:: Supplied data ::
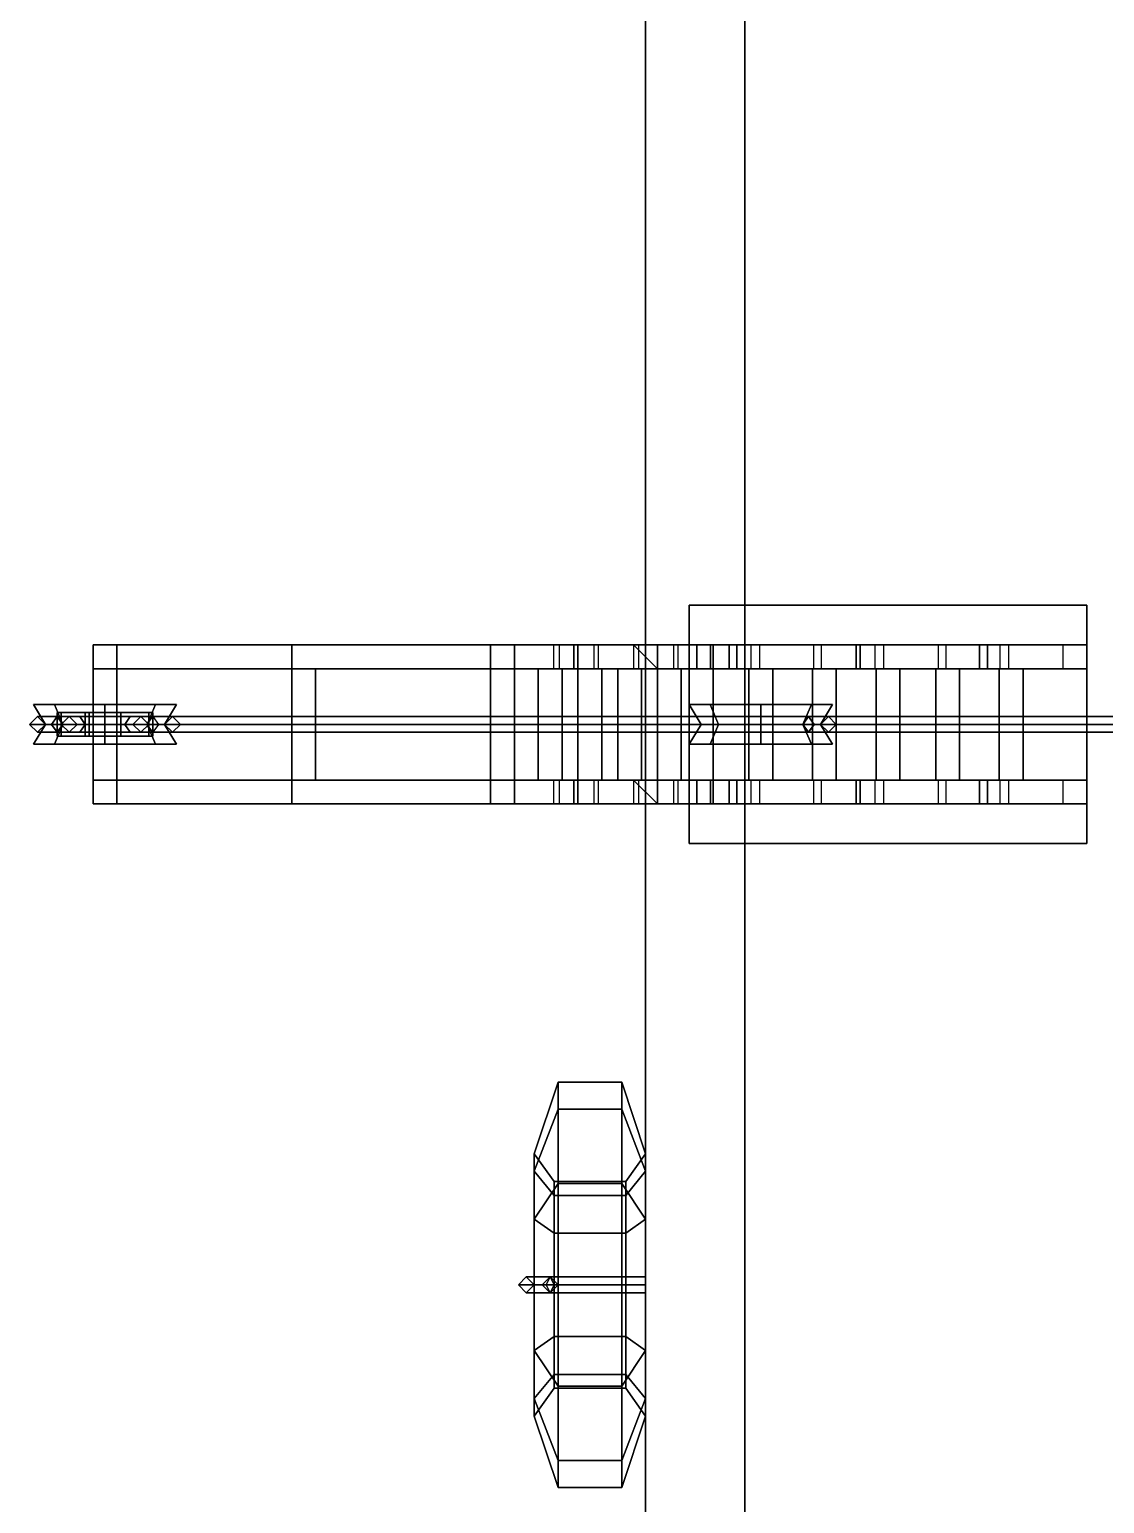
# Model space of a CAD drawing. Header units: millimetres. Extents: x -8.3 to 8.3, y -10.3 to 20.5.
# Drawn here: x 1.45 to 4.155, y -3.96 to -0.252 of the extents above; entities that cross this region are included whole.
import ezdxf

# ---------------------------------------------------------------- set-up
doc = ezdxf.new("R2010")
doc.units = ezdxf.units.MM
doc.layers.add('crane', color=1, linetype='Continuous')
doc.layers.add('wheels', color=2, linetype='Continuous')

msp = doc.modelspace()

# ---------------------------------------------------------------- linework, layer by layer
for points in [[(3, 9.75), (3, -10), (3, -10, 1), (3, 10, 1)], [(3, 10, 1), (3, -10, 1), (8, -10, 1), (8, 10, 1)], [(3.25, 9, -1), (3.25, -9.5, -1), (3, -10), (3, 9.75)], [(7.75, 9, -1), (7.75, -9.5, -1), (3.25, -9.5, -1), (3.25, 9, -1)]]:
    msp.add_3dface(points)
at = {"layer": 'crane'}
for points in [[(3.11, -1.7, 1.04), (3.11, -1.7, 1), (3.11, -2.3, 1), (3.11, -2.3, 1.04)], [(4.11, -1.7, 1), (3.11, -1.7, 1), (3.11, -1.7, 1.04), (4.11, -1.7, 1.04)], [(4.11, -1.7, 1.04), (3.11, -1.7, 1.04), (3.11, -2.3, 1.04), (4.11, -2.3, 1.04)], [(4.11, -2.3, 1.04), (4.11, -2.3, 1), (4.11, -1.7, 1), (4.11, -1.7, 1.04)], [(1.61, -1.8, 3.85), (1.67, -1.8, 3.82), (1.67, -1.8, 3.54), (1.61, -1.8, 3.48)], [(1.61, -1.86, 3.48), (1.61, -1.86, 3.85), (1.61, -1.8, 3.85), (1.61, -1.8, 3.48)], [(1.61, -1.8, 3.48), (1.67, -1.8, 3.54), (3.21, -1.8, 3.54), (3.23, -1.8, 3.48)], [(3.23, -1.86, 3.48), (1.61, -1.86, 3.48), (1.61, -1.8, 3.48), (3.23, -1.8, 3.48)], [(2.11, -1.8, 4.04), (2.11, -1.8, 3.98), (1.67, -1.8, 3.82), (1.61, -1.8, 3.85)], [(1.61, -1.86, 3.85), (2.11, -1.86, 4.04), (2.11, -1.8, 4.04), (1.61, -1.8, 3.85)], [(1.67, -1.8, 3.5664), (1.67, -1.8, 3.82), (1.67, -1.86, 3.82), (1.67, -1.86, 3.5664)], [(1.67, -1.8, 3.54), (2.61, -1.8, 3.9536), (2.61, -1.86, 3.9536), (1.67, -1.86, 3.54)], [(2.61, -1.8, 3.98), (2.61, -1.8, 3.9536), (1.67, -1.8, 3.54), (1.67, -1.8, 3.5664)], [(1.67, -1.86, 3.5664), (2.61, -1.86, 3.98), (2.61, -1.8, 3.98), (1.67, -1.8, 3.5664)], [(3.21, -1.8, 3.54), (1.67, -1.8, 3.54), (1.67, -1.86, 3.54), (3.21, -1.86, 3.54)], [(1.67, -1.8, 3.82), (2.11, -1.8, 3.98), (2.11, -1.86, 3.98), (1.67, -1.86, 3.82)], [(2.11, -1.8, 3.98), (2.11, -1.8, 4.04), (3.17, -1.8, 4.04), (3.1288, -1.8, 3.98)], [(3.1288, -1.86, 3.98), (2.11, -1.86, 3.98), (2.11, -1.8, 3.98), (3.1288, -1.8, 3.98)], [(3.17, -1.8, 4.04), (2.11, -1.8, 4.04), (2.11, -1.86, 4.04), (3.17, -1.86, 4.04)], [(2.61, -1.8, 3.54), (3.11, -1.8, 1.04), (3.11, -1.86, 1.04), (2.61, -1.86, 3.54)], [(3.17, -1.8, 1.04), (3.11, -1.8, 1.04), (2.61, -1.8, 3.54), (2.67, -1.8, 3.54)], [(2.61, -1.8, 3.98), (2.67, -1.8, 3.98), (2.67, -1.8, 3.54), (2.61, -1.8, 3.54)], [(2.61, -1.86, 3.54), (2.61, -1.86, 3.9536), (2.61, -1.8, 3.9536), (2.61, -1.8, 3.54)], [(2.67, -1.86, 3.54), (3.1637, -1.86, 1.0715), (3.1637, -1.8, 1.0715), (2.67, -1.8, 3.54)], [(2.67, -1.8, 3.54), (2.67, -1.8, 3.936), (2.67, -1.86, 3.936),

:: Problem to solve ::
Report how many lines above contain the string "layers". Please write the number only.

:: Your response ::
2